HOW TO COMPLETE THIS TASK: The first line of the entries below, the line containing "main.m = 9.81)", and every line between them should be repeated exactly, and nothing else.

•••

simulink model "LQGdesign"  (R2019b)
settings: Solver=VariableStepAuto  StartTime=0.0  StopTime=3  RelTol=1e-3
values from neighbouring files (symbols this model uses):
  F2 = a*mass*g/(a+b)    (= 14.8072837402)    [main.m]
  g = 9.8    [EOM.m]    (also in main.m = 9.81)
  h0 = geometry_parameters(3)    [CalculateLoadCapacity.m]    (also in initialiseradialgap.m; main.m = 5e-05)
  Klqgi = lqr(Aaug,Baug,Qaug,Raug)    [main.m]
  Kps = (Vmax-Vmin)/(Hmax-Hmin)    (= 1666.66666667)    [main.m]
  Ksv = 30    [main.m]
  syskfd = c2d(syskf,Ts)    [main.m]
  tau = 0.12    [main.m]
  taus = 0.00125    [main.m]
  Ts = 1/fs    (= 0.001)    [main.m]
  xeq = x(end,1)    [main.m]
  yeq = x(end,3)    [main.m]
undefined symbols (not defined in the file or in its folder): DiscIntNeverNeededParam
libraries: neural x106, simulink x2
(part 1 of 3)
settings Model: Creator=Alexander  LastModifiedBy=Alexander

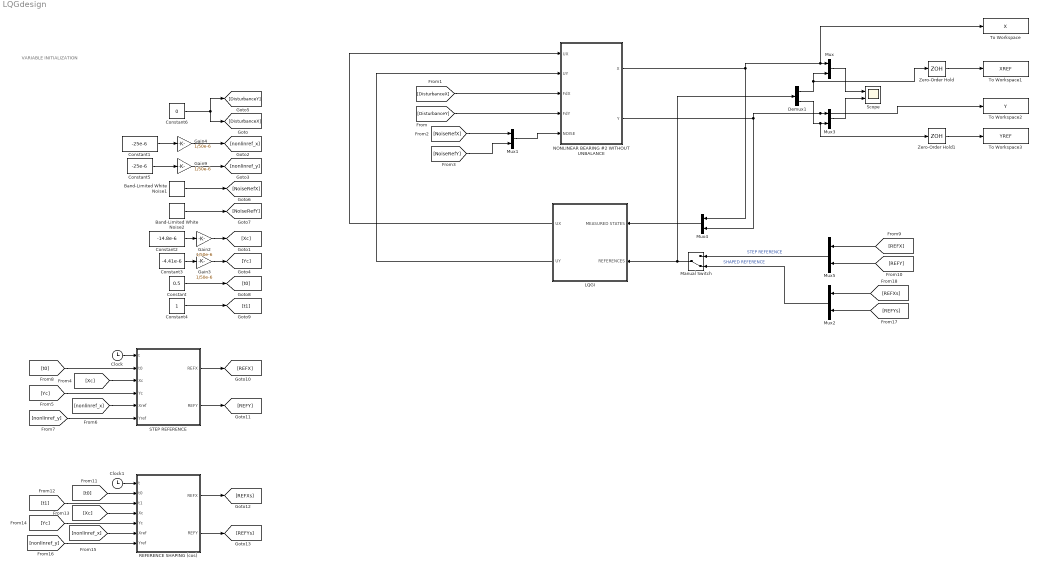
== system LQGdesign ==
  note: VARIABLE INITIALIZATION
  Band-Limited White Noise1 : simulink/Sources/Band-Limited White Noise  Cov=n_pow  Ts=Ts  seed=[23341]
  Band-Limited White Noise2 : simulink/Sources/Band-Limited White Noise  Cov=n_pow  Ts=1.1*Ts  seed=[23341]
  Clock : Clock
  Clock1 : Clock
  Constant : Constant  Value=0.5
  Constant1 : Constant  Value=-25e-6
  Constant2 : Constant  Value=-14.8e-6
  Constant3 : Constant  Value=-4.41e-6
  Constant4 : Constant
  Constant5 : Constant  Value=-25e-6
  Constant6 : Constant  Value=0
  Demux1 : Demux  Outputs=2
  Gain{2..4,9} (4 alike) : Gain  Gain=1/50e-6
  LQGI : Subsystem
  Manual Switch : ManualSwitch  CurrentSetting=0
  Mux{,1..5} (6 alike) : Mux  Inputs=2
  NONLINEAR BEARING #2 WITHOUT UNBALANCE : Subsystem
  REFERENCE SHAPING (cos) : MATLAB Function  TreatAsAtomicUnit=on
  STEP REFERENCE : MATLAB Function  TreatAsAtomicUnit=on
  Scope : Scope  NumInputPorts=2
  To Workspace : ToWorkspace  VariableName=X  SampleTime=-1
      settings: Save2DSignal=2-D array (concatenate along first dimension)
  To Workspace1 : ToWorkspace  VariableName=XREF  SampleTime=-1
      settings: Save2DSignal=2-D array (concatenate along first dimension)
  To Workspace2 : ToWorkspace  VariableName=Y  SampleTime=-1
      settings: Save2DSignal=2-D array (concatenate along first dimension)
  To Workspace3 : ToWorkspace  VariableName=YREF  SampleTime=-1
      settings: Save2DSignal=2-D array (concatenate along first dimension)
  Zero-Order Hold : ZeroOrderHold  SampleTime=Ts
  Zero-Order Hold1 : ZeroOrderHold  SampleTime=Ts
  wires:
  [nonlinref_x] -> STEP REFERENCE/5(Xref)
  Constant4/1 -> [t1]
  [NoiseRefY] -> Mux1/2
  Constant/1 -> [t0]
  [t0] -> STEP REFERENCE/2(t0)
  Clock/1 -> STEP REFERENCE/1(t)
  NONLINEAR BEARING #2 WITHOUT UNBALANCE/1(X) -> To Workspace/1, Mux/1, Mux4/1
  STEP REFERENCE/2(REFY) -> [REFY]
  Gain9/1 -> [nonlinref_y]
  Constant3/1 -> Gain3/1
  [Xc] -> STEP REFERENCE/3(Xc)
  [DisturbanceY] -> NONLINEAR BEARING #2 WITHOUT UNBALANCE/4(FdY)
  Mux3/1 -> Scope/2
  Gain3/1 -> [Yc]
  Gain2/1 -> [Xc]
  [DisturbanceX] -> NONLINEAR BEARING #2 WITHOUT UNBALANCE/3(FdX)
  NONLINEAR BEARING #2 WITHOUT UNBALANCE/2(Y) -> To Workspace2/1, Mux3/1, Mux4/2
  Constant5/1 -> Gain9/1
  STEP REFERENCE/1(REFX) -> [REFX]
  Demux1/1 -> Mux/2, Zero-Order Hold/1
  Gain4/1 -> [nonlinref_x]
  Mux2/1 -> Manual Switch/2  "SHAPED REFERENCE"
  REFERENCE SHAPING (cos)/1(REFX) -> [REFXs]
  Mux5/1 -> Manual Switch/1  "STEP REFERENCE"
  [Yc] -> STEP REFERENCE/4(Yc)
  [REFY] -> Mux5/2
  [REFXs] -> Mux2/1
  Mux/1 -> Scope/1
  [REFX] -> Mux5/1
  Constant2/1 -> Gain2/1
  [REFYs] -> Mux2/2
  Band-Limited White Noise1/1 -> [NoiseRefX]
  Demux1/2 -> Zero-Order Hold1/1, Mux3/2
  Mux1/1 -> NONLINEAR BEARING #2 WITHOUT UNBALANCE/5(NOISE)
  Clock1/1 -> REFERENCE SHAPING (cos)/1(t)
  [nonlinref_y] -> STEP REFERENCE/6(Yref)
  [nonlinref_x] -> REFERENCE SHAPING (cos)/6(Xref)
  Band-Limited White Noise2/1 -> [NoiseRefY]
  REFERENCE SHAPING (cos)/2(REFY) -> [REFYs]
  [Yc] -> REFERENCE SHAPING (cos)/5(Yc)
  [nonlinref_y] -> REFERENCE SHAPING (cos)/7(Yref)
  [Xc] -> REFERENCE SHAPING (cos)/4(Xc)
  Constant1/1 -> Gain4/1
  [t0] -> REFERENCE SHAPING (cos)/2(t0)
  [t1] -> REFERENCE SHAPING (cos)/3(t1)
  [NoiseRefX] -> Mux1/1
  Zero-Order Hold/1 -> To Workspace1/1
  Zero-Order Hold1/1 -> To Workspace3/1
  Constant6/1 -> [DisturbanceX], [DisturbanceY]
  Manual Switch/1 -> Demux1/1, LQGI/2(REFERENCES)
  LQGI/2("UY ") -> NONLINEAR BEARING #2 WITHOUT UNBALANCE/2(UY)
  LQGI/1(UX) -> NONLINEAR BEARING #2 WITHOUT UNBALANCE/1(UX)
  Mux4/1 -> LQGI/1(MEASURED STATES)

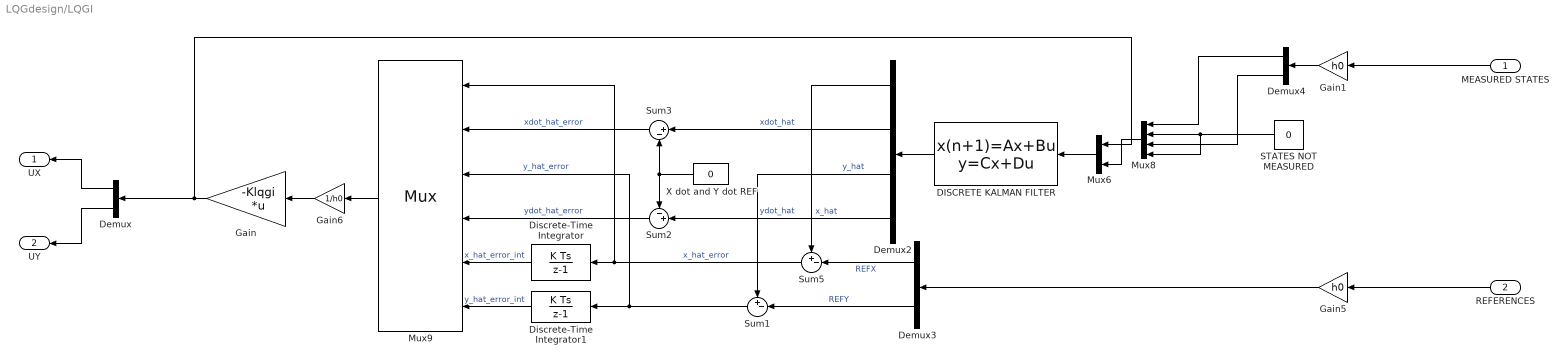
== system LQGdesign/LQGI ==
  MEASURED STATES : Inport
  REFERENCES : Inport  Port=2
  DISCRETE KALMAN FILTER : DiscreteStateSpace  A=syskfd.A  B=syskfd.B  C=syskfd.C  D=syskfd.D  SampleTime=Ts
  Demux : Demux  Outputs=2
  Demux2 : Demux
  Demux3 : Demux  Outputs=2
  Demux4 : Demux  Outputs=2
  Discrete-Time Integrator : DiscreteIntegrator  SampleTime=Ts  ICPrevOutput=DiscIntNeverNeededParam  ICPrevScaledInput=DiscIntNeverNeededParam
  Discrete-Time Integrator1 : DiscreteIntegrator  SampleTime=Ts  ICPrevOutput=DiscIntNeverNeededParam  ICPrevScaledInput=DiscIntNeverNeededParam
  Gain : Gain  Gain=-Klqgi  Multiplication=Matrix(K*u) (u vector)
  Gain1 : Gain  Gain=h0
  Gain5 : Gain  Gain=h0
  Gain6 : Gain  Gain=1/h0
  Mux6 : Mux  Inputs=2
  Mux8 : Mux
  Mux9 : Mux  Inputs=6
      settings: DisplayOption=signals
  STATES NOT MEASURED : Constant  Value=0
  Sum1 : Sum  Inputs=+-|
  Sum2 : Sum  Inputs=-+|
  Sum3 : Sum  Inputs=|+-
  Sum5 : Sum  Inputs=+-|
  X dot and Y dot REF : Constant  Value=0
  UX : Outport
  "UY " : Outport  Port=2
  wires:
  Demux2/1 -> Sum5/1  "x_hat"
  Gain6/1 -> Gain/1
  Mux6/1 -> DISCRETE KALMAN FILTER/1
  Discrete-Time Integrator1/1 -> Mux9/6  "y_hat_error_int"
  Demux4/1 -> Mux8/1
  DISCRETE KALMAN FILTER/1 -> Demux2/1
  Demux3/1 -> Sum5/2  "REFX"
  Gain1/1 -> Demux4/1
  Gain/1 -> Mux6/1, Demux/1
  Mux9/1 -> Gain6/1
  Sum1/1 -> Discrete-Time Integrator1/1, Mux9/3  "y_hat_error"
  MEASURED STATES/1 -> Gain1/1
  Mux8/1 -> Mux6/2
  STATES NOT MEASURED/1 -> Mux8/4, Mux8/2
  Demux4/2 -> Mux8/3
  Sum3/1 -> Mux9/2  "xdot_hat_error"
  Demux/1 -> UX/1
  Discrete-Time Integrator/1 -> Mux9/5  "x_hat_error_int"
  Sum5/1 -> Discrete-Time Integrator/1, Mux9/1  "x_hat_error"
  Demux2/2 -> Sum3/1  "xdot_hat"
  X dot and Y dot REF/1 -> Sum2/1, Sum3/2
  Demux3/2 -> Sum1/2  "REFY"
  Sum2/1 -> Mux9/4  "ydot_hat_error"
  Demux2/3 -> Sum1/1  "y_hat"
  Demux2/4 -> Sum2/2  "ydot_hat"
  Gain5/1 -> Demux3/1
  Demux/2 -> "UY "/1
  REFERENCES/1 -> Gain5/1

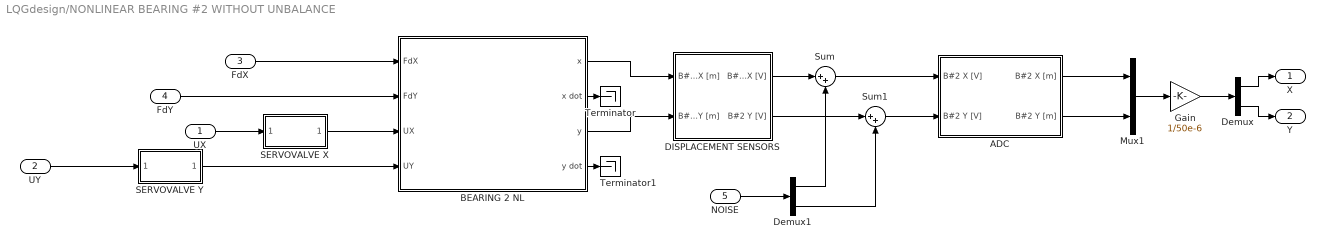
== system LQGdesign/NONLINEAR BEARING #2 WITHOUT UNBALANCE ==
  UX : Inport
  UY : Inport  Port=2
  FdX : Inport  Port=3
  FdY : Inport  Port=4
  NOISE : Inport  Port=5
  ADC : Subsystem
  BEARING 2 NL : Subsystem
  DISPLACEMENT SENSORS : Subsystem
  Demux : Demux  Outputs=2
  Demux1 : Demux  Outputs=2
  Gain : Gain  Gain=1/50e-6
  Mux1 : Mux  Inputs=2
  SERVOVALVE X : Subsystem
  SERVOVALVE Y : Subsystem
  Sum : Sum  Inputs=|++
  Sum1 : Sum  Inputs=|++
  Terminator : Terminator
  Terminator1 : Terminator
  X : Outport
  Y : Outport  Port=2
  wires:
  ADC/2(B#2 Y [m]) -> Mux1/2
  ADC/1(B#2 X [m]) -> Mux1/1
  Mux1/1 -> Gain/1
  Demux/1 -> X/1
  Gain/1 -> Demux/1
  Demux/2 -> Y/1
  BEARING 2 NL/3(y) -> DISPLACEMENT SENSORS/2(B#2 Y [m])
  BEARING 2 NL/1(x) -> DISPLACEMENT SENSORS/1(B#2 X [m])
  Demux1/2 -> Sum1/2
  NOISE/1 -> Demux1/1
  Demux1/1 -> Sum/2
  Sum1/1 -> ADC/2(B#2 Y [V])
  Sum/1 -> ADC/1(B#2 X [V])
  DISPLACEMENT SENSORS/1(B#2 X [V]) -> Sum/1
  DISPLACEMENT SENSORS/2(B#2 Y [V]) -> Sum1/1
  BEARING 2 NL/4(y dot) -> Terminator1/1
  BEARING 2 NL/2("x dot ") -> Terminator/1
  FdX/1 -> BEARING 2 NL/1(FdX)
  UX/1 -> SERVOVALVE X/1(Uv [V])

•••

COMPLETED TASK:
simulink model "LQGdesign"  (R2019b)
settings: Solver=VariableStepAuto  StartTime=0.0  StopTime=3  RelTol=1e-3
values from neighbouring files (symbols this model uses):
  F2 = a*mass*g/(a+b)    (= 14.8072837402)    [main.m]
  g = 9.8    [EOM.m]    (also in main.m = 9.81)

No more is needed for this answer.